FREEDOM / WISE
Worked ExampleHand-crafted

What's the gap between fund returns and investor returns over 25 years?

Scenario

Indian large-cap mutual fund delivering 12% time-weighted CAGR. Compare disciplined investor (continuous SIP) vs typical retail investor (FOMO entries, fear exits) over 25-year horizon.

Inputs

Horizon years
25
Monthly sip INR
15000
Fund time weighted return %
12
Typical investor return gap %
2.5

Calculation

  1. 1.

    Disciplined investor: net CAGR (matches fund returns)
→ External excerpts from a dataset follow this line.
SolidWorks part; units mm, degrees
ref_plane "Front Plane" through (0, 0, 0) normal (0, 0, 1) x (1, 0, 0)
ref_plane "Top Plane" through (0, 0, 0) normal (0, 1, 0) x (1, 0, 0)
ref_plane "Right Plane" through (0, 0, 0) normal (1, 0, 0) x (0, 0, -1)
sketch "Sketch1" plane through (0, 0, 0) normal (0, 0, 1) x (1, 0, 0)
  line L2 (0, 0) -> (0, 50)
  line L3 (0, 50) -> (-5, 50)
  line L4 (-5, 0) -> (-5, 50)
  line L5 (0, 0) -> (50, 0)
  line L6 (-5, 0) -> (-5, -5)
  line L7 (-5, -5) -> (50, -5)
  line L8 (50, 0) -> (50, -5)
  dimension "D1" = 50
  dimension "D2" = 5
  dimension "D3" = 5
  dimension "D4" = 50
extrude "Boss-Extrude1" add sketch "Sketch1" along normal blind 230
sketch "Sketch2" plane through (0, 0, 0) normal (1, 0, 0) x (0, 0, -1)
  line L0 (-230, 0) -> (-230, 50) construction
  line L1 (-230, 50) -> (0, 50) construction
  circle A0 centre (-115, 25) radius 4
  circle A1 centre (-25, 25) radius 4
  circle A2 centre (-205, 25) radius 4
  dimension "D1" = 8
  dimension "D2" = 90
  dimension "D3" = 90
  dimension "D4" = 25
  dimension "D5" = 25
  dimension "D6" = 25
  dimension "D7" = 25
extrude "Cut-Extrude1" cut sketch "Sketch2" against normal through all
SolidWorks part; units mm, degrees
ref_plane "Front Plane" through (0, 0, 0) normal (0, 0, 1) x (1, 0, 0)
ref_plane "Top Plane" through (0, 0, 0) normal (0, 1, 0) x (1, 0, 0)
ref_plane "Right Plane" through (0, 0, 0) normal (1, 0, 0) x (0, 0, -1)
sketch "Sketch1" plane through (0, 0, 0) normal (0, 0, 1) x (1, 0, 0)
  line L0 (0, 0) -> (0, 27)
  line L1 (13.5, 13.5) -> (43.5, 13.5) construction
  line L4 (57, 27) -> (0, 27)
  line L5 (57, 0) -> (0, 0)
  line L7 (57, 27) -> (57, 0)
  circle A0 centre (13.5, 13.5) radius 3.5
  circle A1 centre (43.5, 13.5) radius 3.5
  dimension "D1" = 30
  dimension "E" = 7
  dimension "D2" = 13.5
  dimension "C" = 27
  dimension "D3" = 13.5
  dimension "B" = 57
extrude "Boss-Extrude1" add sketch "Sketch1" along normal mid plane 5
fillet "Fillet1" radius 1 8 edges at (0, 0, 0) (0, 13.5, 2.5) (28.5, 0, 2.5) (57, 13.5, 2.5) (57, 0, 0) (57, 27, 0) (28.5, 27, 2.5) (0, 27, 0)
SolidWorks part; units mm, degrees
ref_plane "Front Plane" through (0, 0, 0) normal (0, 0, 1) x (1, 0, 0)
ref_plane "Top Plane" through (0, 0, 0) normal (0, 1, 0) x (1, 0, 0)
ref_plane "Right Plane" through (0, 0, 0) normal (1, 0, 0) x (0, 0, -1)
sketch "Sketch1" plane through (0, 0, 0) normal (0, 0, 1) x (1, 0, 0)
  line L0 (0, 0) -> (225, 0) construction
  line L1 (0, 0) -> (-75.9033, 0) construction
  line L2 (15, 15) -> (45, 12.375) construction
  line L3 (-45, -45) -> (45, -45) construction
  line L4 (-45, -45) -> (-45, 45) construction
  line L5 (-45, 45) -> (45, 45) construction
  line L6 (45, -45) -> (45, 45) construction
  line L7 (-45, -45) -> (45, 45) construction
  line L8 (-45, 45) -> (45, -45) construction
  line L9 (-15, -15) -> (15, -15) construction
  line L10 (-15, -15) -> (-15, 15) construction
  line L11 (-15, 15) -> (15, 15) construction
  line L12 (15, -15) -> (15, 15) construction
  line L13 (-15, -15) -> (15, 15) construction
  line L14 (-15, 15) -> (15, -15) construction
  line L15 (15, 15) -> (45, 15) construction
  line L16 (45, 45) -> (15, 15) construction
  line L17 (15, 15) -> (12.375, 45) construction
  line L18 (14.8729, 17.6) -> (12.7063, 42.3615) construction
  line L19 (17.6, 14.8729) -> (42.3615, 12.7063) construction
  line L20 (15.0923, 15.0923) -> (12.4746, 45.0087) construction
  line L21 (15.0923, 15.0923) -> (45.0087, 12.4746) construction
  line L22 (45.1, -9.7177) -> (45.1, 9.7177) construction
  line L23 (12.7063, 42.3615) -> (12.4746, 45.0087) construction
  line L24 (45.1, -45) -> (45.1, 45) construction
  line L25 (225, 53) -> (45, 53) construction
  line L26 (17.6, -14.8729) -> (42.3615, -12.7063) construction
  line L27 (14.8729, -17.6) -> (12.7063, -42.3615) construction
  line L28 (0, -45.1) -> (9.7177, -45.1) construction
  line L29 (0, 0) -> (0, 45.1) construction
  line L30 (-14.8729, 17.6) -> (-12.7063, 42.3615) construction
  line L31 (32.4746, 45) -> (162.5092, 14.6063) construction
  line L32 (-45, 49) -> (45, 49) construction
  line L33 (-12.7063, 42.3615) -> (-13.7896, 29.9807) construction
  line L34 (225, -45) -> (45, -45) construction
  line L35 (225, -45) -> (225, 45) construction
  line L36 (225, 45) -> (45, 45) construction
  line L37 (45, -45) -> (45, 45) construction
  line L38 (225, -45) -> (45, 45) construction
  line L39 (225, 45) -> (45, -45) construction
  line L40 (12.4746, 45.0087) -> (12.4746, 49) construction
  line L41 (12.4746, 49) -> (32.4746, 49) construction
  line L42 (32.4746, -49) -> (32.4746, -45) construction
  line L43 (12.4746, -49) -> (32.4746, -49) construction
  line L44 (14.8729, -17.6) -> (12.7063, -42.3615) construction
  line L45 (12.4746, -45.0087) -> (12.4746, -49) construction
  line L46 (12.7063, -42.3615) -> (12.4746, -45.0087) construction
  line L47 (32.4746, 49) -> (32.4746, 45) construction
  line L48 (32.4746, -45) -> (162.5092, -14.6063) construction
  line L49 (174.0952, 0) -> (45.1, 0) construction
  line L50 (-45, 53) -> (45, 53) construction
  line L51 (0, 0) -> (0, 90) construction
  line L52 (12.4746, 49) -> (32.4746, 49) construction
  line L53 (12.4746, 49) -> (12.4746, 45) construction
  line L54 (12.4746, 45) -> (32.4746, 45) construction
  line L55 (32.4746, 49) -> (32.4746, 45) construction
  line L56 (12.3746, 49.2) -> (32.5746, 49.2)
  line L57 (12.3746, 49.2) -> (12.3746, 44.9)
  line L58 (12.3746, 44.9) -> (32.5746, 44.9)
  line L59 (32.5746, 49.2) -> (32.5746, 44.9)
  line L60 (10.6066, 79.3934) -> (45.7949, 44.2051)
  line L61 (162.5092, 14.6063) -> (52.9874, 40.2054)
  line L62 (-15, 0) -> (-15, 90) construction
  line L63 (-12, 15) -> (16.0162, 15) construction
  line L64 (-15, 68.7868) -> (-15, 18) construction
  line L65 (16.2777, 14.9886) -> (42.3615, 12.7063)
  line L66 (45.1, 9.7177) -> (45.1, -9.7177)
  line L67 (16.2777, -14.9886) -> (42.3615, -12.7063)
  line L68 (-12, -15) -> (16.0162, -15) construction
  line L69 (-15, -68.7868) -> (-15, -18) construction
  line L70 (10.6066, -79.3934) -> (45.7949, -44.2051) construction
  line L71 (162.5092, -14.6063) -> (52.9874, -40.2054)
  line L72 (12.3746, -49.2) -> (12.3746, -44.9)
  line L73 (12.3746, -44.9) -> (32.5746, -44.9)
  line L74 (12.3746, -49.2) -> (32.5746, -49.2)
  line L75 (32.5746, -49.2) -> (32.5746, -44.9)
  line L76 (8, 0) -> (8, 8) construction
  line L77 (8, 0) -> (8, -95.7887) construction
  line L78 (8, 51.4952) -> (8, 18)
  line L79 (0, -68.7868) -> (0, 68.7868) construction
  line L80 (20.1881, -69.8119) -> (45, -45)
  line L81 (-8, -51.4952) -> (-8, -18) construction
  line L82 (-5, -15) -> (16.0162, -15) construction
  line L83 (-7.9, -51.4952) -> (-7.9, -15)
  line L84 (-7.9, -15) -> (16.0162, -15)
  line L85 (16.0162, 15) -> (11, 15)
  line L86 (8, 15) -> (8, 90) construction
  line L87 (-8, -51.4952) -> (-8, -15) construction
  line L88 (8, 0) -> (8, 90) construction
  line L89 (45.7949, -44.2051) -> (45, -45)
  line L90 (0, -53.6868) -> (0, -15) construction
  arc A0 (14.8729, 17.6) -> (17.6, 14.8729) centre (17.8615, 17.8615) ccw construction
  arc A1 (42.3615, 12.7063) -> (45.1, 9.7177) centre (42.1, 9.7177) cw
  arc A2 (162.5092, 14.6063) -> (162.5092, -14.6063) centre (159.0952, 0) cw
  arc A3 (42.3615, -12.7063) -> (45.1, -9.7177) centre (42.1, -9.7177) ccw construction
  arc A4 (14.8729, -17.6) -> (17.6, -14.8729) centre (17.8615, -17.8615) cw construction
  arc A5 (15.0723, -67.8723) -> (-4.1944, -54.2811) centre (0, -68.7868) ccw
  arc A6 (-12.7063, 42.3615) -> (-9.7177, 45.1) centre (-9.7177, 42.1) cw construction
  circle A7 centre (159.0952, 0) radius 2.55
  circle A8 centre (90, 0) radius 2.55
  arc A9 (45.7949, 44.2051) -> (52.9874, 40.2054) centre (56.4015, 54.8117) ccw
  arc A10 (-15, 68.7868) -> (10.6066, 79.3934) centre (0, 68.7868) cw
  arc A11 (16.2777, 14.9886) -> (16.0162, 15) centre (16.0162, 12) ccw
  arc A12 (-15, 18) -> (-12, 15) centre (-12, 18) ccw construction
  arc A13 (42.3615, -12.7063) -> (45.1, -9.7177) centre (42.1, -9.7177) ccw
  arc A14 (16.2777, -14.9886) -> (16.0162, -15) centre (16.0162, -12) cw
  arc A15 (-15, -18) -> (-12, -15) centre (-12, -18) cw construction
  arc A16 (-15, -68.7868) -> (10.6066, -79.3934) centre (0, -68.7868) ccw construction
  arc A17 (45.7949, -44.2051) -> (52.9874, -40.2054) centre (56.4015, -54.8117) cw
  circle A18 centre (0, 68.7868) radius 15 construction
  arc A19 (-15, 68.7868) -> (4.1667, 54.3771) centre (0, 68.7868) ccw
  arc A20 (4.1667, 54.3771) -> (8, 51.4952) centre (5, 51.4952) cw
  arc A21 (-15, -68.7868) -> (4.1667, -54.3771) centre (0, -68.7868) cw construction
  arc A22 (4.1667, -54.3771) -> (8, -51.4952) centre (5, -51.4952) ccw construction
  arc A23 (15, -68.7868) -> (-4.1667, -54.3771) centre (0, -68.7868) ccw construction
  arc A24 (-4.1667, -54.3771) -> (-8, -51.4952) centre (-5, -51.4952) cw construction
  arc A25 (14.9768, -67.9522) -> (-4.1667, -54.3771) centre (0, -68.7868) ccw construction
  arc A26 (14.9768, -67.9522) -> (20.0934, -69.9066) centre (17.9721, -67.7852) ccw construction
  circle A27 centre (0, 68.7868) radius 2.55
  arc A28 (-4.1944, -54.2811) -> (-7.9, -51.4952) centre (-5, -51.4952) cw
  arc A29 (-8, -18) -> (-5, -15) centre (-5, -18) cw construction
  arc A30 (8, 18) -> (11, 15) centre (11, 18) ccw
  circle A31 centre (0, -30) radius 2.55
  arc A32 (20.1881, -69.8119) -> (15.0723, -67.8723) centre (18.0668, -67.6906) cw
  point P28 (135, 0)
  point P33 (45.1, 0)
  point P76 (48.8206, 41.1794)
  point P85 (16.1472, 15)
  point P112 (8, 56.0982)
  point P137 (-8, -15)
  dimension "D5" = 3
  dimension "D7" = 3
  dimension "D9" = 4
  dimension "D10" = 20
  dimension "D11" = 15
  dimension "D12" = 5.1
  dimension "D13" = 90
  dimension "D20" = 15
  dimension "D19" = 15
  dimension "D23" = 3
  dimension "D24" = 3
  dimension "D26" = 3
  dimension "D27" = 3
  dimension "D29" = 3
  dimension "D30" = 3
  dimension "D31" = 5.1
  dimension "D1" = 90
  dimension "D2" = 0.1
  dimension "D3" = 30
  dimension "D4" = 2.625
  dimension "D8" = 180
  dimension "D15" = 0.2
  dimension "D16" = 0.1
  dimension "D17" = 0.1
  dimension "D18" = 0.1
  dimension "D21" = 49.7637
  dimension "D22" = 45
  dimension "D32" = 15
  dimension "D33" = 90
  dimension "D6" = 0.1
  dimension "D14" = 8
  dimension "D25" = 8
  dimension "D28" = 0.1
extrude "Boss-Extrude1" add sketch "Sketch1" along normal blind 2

    12% time-weighted12% CAGR

  2. 2.

    Disciplined investor: 25-year corpus

    ₹15K × SIP-FV factor at 12%, 25 yrs₹2.83 Cr

  3. 3.

    Typical retail investor: net CAGR (FOMO + fear drag)

    12% − 2.5% behavioural gap9.5% effective CAGR

  4. 4.

    Typical retail investor: 25-year corpus

    ₹15K × SIP-FV factor at 9.5%, 25 yrs₹1.89 Cr

  5. 5.

    Cost of FOMO + fear behaviour

    ₹2.83 Cr − ₹1.89 Cr₹94.00 L

Conclusion

₹94 lakh of avoidable loss over 25 years from FOMO-driven entries and fear-driven exits — even on the same fund delivering the same time-weighted returns. The disciplined investor captures the fund's full return; the typical retail investor captures only ~80% of it.

Tradeoffs

The 2.5% gap is the AVERAGE; some investors capture more, others less. Investors with significant thematic/sectoral fund exposure typically face larger gaps (3-4%). Investors holding broad-index funds and continuing SIPs through drawdowns capture closest to time-weighted returns. The structural answer: own broad indices, automate SIPs, ignore market noise.